::: RECORDS SUPPLIED :::
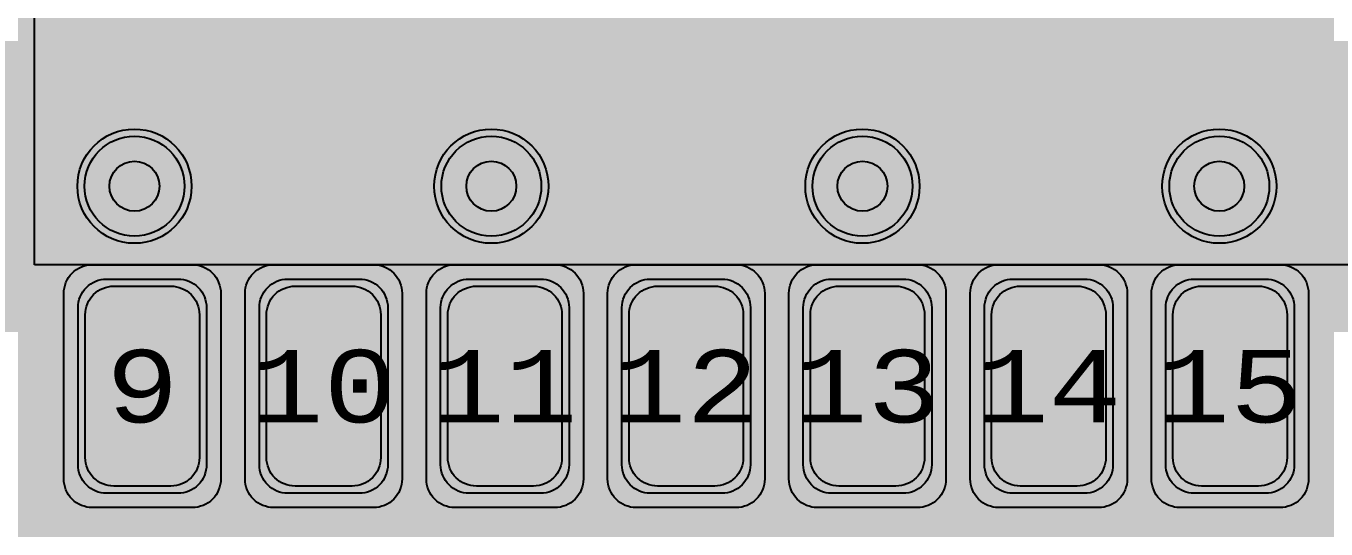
# Model space of a CAD drawing. Extents: x -28 to 199, y -61 to 255.
# Drawn here: x 149.74 to 158.85, y 215.6 to 219.12 of the extents above; entities that cross this region are included whole.
import ezdxf
from ezdxf.enums import TextEntityAlignment as Align

# ---------------------------------------------------------------- set-up
doc = ezdxf.new("R2010")
doc.units = 0
doc.header["$MEASUREMENT"] = 0
for name, color, linetype in [('ASSEMBLY_OUTLINES_TOP', 102, 'CONTINUOUS'), ('ASSEMBLY_PART_NUMBERS_BTM', 191, 'CONTINUOUS'), ('ASSEMBLY_PART_NUMBERS_TOP', 102, 'CONTINUOUS'), ('DRILL_DRAWING', 21, 'CONTINUOUS'), ('GENERATED_SILKSCREEN_TOP', 140, 'CONTINUOUS'), ('PART_PADS_SMD_TOP', 150, 'CONTINUOUS'), ('PIN_NUMBERS_BTM', 8, 'CONTINUOUS'), ('PIN_NUMBERS_TOP', 8, 'CONTINUOUS'), ('PLACEMENT_OUTLINES_TOP', 130, 'CONTINUOUS'), ('PLANE_DATA_LAYER_BOTTOM', 10, 'CONTINUOUS'), ('PLANE_SHAPES_LAYER_2', 230, 'CONTINUOUS'), ('PLANE_SHAPES_LAYER_3', 81, 'CONTINUOUS'), ('PLANE_SHAPES_LAYER_BOTTOM', 10, 'CONTINUOUS'), ('SILKSCREEN_OUTLINES_TOP', 150, 'CONTINUOUS'), ('SOLDERMASK_PADS_TOP', 180, 'CONTINUOUS'), ('SOLDERPASTE_PADS_TOP', 180, 'CONTINUOUS'), ('TRACES_LAYER_2', 230, 'CONTINUOUS'), ('TRACES_LAYER_TOP', 150, 'CONTINUOUS'), ('VIA_HOLES_LAYER_2', 30, 'CONTINUOUS'), ('VIA_HOLES_LAYER_3', 30, 'CONTINUOUS'), ('VIA_HOLES_LAYER_BOTTOM', 30, 'CONTINUOUS'), ('VIA_HOLES_LAYER_TOP', 30, 'CONTINUOUS'), ('VIA_PADS_LAYER_2', 230, 'CONTINUOUS'), ('VIA_PADS_LAYER_3', 81, 'CONTINUOUS'), ('VIA_PADS_LAYER_BOTTOM', 10, 'CONTINUOUS'), ('VIA_PADS_LAYER_TOP', 150, 'CONTINUOUS')]:
    doc.layers.add(name, color=color, linetype=linetype)
doc.styles.add('COURIER_NEW', font='COUR.TTF')
doc.styles.add('VERIBEST_GERBER_0', font='txt')

msp = doc.modelspace()

# ---------------------------------------------------------------- hatches: boundary and pattern name
at = {"layer": 'PLANE_DATA_LAYER_BOTTOM'}
h = msp.add_hatch(color=256, dxfattribs=at)
h.paths.add_polyline_path([(169.5, 182.99435, -0.668182), (169.36992, 182.94047), (166.02232, 186.28807, -0.19891), (166, 186.34195), (166, 188.18278, -0.2956984), (166.04507, 188.25233, 0.648068), (166.04507, 189.34767, -0.2956984), (166, 189.41722), (166, 217.49999, 0.4142136), (165.99999, 217.5), (158.00001, 217.5, 0.4142136), (158, 217.49999), (158, 214.9026, -0.19891), (157.97768, 214.84872), (157.67296, 214.544, -0.6168695), (157.54368, 214.58685, 0.8785732), (156.35382, 214.56761, -0.381511), (156.27811, 214.5), (154.48924, 214.5, -0.5383921), (154.4192, 214.60621, 0.8971333), (152.68695, 215.5822, -0.5138675), (152.56305, 215.5822, 0.676744), (150.75984, 215.13991, -0.4545685), (150.66361, 215.07726, 0.4628778), (149.90382, 214.56761, -0.381511), (149.82811, 214.5), (149.8262, 214.5, -0.4142136), (149.75, 214.5762), (149.75, 217.49999, 0.4142136), (149.74999, 217.5), (142.75001, 217.5, 0.4142136), (142.75, 217.49999), (142.75, 216.31714, -0.4142136), (142.6738, 216.24094), (130.8262, 216.24094, -0.4142136), (130.75, 216.31714), (130.75, 221.05161, -0.19891), (130.77232, 221.10549), (131.64451, 221.97768, -0.1989134), (131.69839, 222), (135.74999, 222, 0.4142136), (135.75, 222.00001), (135.75, 223.16083, -0.6295033), (135.87391, 223.22025, 2.0854042), (135.87391, 224.77975, -0.6295033), (135.75, 224.83917), (135.75, 225.1738, -0.4142136), (135.8262, 225.25), (142.6738, 225.25, -0.4142136), (142.75, 225.1738), (142.75, 222.25001, 0.4142136), (142.75001, 222.25), (145.16083, 222.25, -0.6295033), (145.22025, 222.12609, 2.0854042), (146.77975, 222.12609, -0.6295033), (146.83917, 222.25), (147.91083, 222.25, -0.6295033), (147.97025, 222.12609, 2.0854042), (149.52975, 222.12609, -0.6295033), (149.58917, 222.25), (161.74999, 222.25, 0.4142136), (161.75, 222.25001), (161.75, 235.31036, -0.1756598), (161.7677, 235.35919, 0.3625093), (161.7677, 236.64081, -0.1756598), (161.75, 236.68964), (161.75, 240.9238, -0.4142136), (161.8262, 241), (166.6738, 241, -0.4142136), (166.75, 240.9238), (166.75, 224.75001, 0.4142136), (166.75001, 224.75), (169.4238, 224.75, -0.4142136), (169.5, 224.6738)], flags=0)
h.paths.add_polyline_path([(133.75, 220, -1), (135.75, 220, -1)], flags=0)
h.paths.add_polyline_path([(137, 220, -1), (139, 220, -1)], flags=0)
h.paths.add_polyline_path([(138.04, 224, -1), (140.04, 224, -1)], flags=0)
h.paths.add_polyline_path([(140.25, 220, -1), (142.25, 220, -1)], flags=0)
h.paths.add_polyline_path([(161.96, 226.5, -1), (163.96, 226.5, -1)], flags=0)
h.paths.add_polyline_path([(161.96, 233, -1), (163.96, 233, -1)], flags=0)
h.paths.add_polyline_path([(161.96, 239.25, -1), (163.96, 239.25, -1)], flags=0)
h.paths.add_polyline_path([(163.28599, 219.38873, 1.7877343), (163.28599, 220.41127, -0.138574), (163.24611, 220.4), (154.65389, 220.4, -0.138574), (154.61401, 220.41127, 1.7877343), (154.61401, 219.38873, -0.138574), (154.65389, 219.4), (163.24611, 219.4, -0.138574)], flags=0)
h.paths.add_polyline_path([(164.5, 226.5, -1), (166.5, 226.5, -1)], flags=0)
h.paths.add_polyline_path([(164.5, 233, -1), (166.5, 233, -1)], flags=0)
h.paths.add_polyline_path([(164.5, 239.25, -1), (166.5, 239.25, -1)], flags=0)
at = {"layer": 'PLANE_SHAPES_LAYER_2'}
h = msp.add_hatch(color=256, dxfattribs=at)
h.paths.add_polyline_path([(169.5, 129.25), (149.5, 129.25), (142.25, 122), (142.25, 90.5), (147.5, 90.5), (147.5, 80), (154, 80), (154, 69.25), (131.75, 69.25), (131.75, 73.25), (121.25, 73.25), (121.25, 81), (110.5, 81), (110.5, 125.75), (106.5, 125.75), (106.5, 128.75), (93.5, 128.75), (93.5, 120.25), (91.75, 120.25), (91.75, 121.5), (80, 121.5), (80, 118.25), (73.25, 118.25), (73.25, 124.5), (67.5, 124.5), (67.5, 128), (57.75, 128), (57.75, 120.25), (55.25, 120.25), (55.25, 121.5), (47.5, 121.5), (47.5, 119), (35, 119), (35, 134.75), (32.75, 134.75), (32.75, 159.75), (29.25, 159.75), (29.25, 175.25), (22.5, 175.25), (22.5, 195.25), (17.25, 195.25), (17.25, 198), (22.5, 198), (22.5, 216.5), (40.25, 216.5), (40.25, 235.5), (54.5, 235.5), (54.5, 254), (87.25, 254), (87.25, 236.25), (86.25, 236.25), (86.25, 228.75), (81, 228.75), (81, 218.75), (95.25, 218.75), (95.25, 194.5), (87, 194.5), (87, 172), (131.1, 172), (131.1, 208.75), (115.5, 208.75), (115.5, 213.75), (106.75, 213.75), (106.75, 218.75), (110.25, 222.25), (110.25, 226.25), (142.5, 226.25), (142.5, 221.5), (160.5, 221.5), (160.5, 240.75), (169.5, 240.75)])
h.paths.add_polyline_path([(35.5, 149.5), (41.75, 149.5), (41.75, 152), (39.25, 152), (39.25, 154), (37.75, 154), (37.75, 152), (35.5, 152)], flags=16)
h.paths.add_polyline_path([(37.5, 125.75), (37.5, 128.75), (42.75, 128.75), (42.75, 125.75)], flags=16)
h.paths.add_polyline_path([(52, 127.75), (52, 130.75), (54.25, 130.75), (54.25, 127.75)], flags=16)
h.paths.add_polyline_path([(50.75, 219.5), (50.75, 226.5), (71.75, 226.5), (71.75, 219.5)], flags=16)
h.paths.add_polyline_path([(66.5, 150.75), (66.5, 177.5), (72.25, 177.5), (72.25, 150.75)], flags=16)
h.paths.add_polyline_path([(47.25, 185.25), (73, 185.25), (73, 188.25), (70.25, 188.25), (70.25, 191), (47.25, 191)], flags=16)
h.paths.add_polyline_path([(84.5, 208), (84.5, 212.75), (85, 212.75), (85, 208)], flags=16)
h.paths.add_polyline_path([(61.5, 137.25), (87.75, 137.25), (87.75, 140.5), (84.75, 140.5), (84.75, 143), (61.5, 143)], flags=16)
h.paths.add_polyline_path([(88.75, 127), (88.75, 130), (91, 130), (91, 127)], flags=16)
h.paths.add_polyline_path([(85.5, 130.25), (85.5, 132.5), (91, 132.5), (91, 130.25)], flags=16)
h.paths.add_polyline_path([(108.75, 142.25), (135.75, 142.25), (135.75, 145.75), (132.25, 145.75), (132.25, 149), (108.75, 149)], flags=16)
h.paths.add_polyline_path([(114.25, 126.75), (140.75, 126.75), (140.75, 129.75), (137.25, 129.75), (137.25, 133), (114.25, 133)], flags=16)
h.paths.add_polyline_path([(155.25, 180.25), (166.25, 180.25), (166.25, 186.25), (152.25, 186.25), (152.25, 183), (155.25, 183)], flags=16)
at = {"layer": 'PLANE_SHAPES_LAYER_3'}
h = msp.add_hatch(color=256, dxfattribs=at)
h.paths.add_polyline_path([(169.5, 129.25), (149.5, 129.25), (142.25, 122), (142.25, 90.5), (147.5, 90.5), (147.5, 80), (154, 80), (154, 69.25), (131.75, 69.25), (131.75, 73.25), (121.25, 73.25), (121.25, 81), (110.5, 81), (110.5, 125.75), (106.5, 125.75), (106.5, 128.75), (93.5, 128.75), (93.5, 120.25), (91.75, 120.25), (91.75, 121.5), (80, 121.5), (80, 118.25), (73.25, 118.25), (73.25, 124.5), (67.5, 124.5), (67.5, 127.75), (58.25, 127.75), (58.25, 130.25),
:::
# DESCRIPTION OF THE TASK
Nothing but the lines from the one holding "(155.25, 183)], flags=16)" to the end of the entries should be output, each exactly as it appears.

# RESULT OF THE EXERCISE
h.paths.add_polyline_path([(155.25, 180.25), (166.25, 180.25), (166.25, 186.25), (152.25, 186.25), (152.25, 183), (155.25, 183)], flags=16)
at = {"layer": 'PLANE_SHAPES_LAYER_3'}
h = msp.add_hatch(color=256, dxfattribs=at)
h.paths.add_polyline_path([(169.5, 129.25), (149.5, 129.25), (142.25, 122), (142.25, 90.5), (147.5, 90.5), (147.5, 80), (154, 80), (154, 69.25), (131.75, 69.25), (131.75, 73.25), (121.25, 73.25), (121.25, 81), (110.5, 81), (110.5, 125.75), (106.5, 125.75), (106.5, 128.75), (93.5, 128.75), (93.5, 120.25), (91.75, 120.25), (91.75, 121.5), (80, 121.5), (80, 118.25), (73.25, 118.25), (73.25, 124.5), (67.5, 124.5), (67.5, 127.75), (58.25, 127.75), (58.25, 130.25),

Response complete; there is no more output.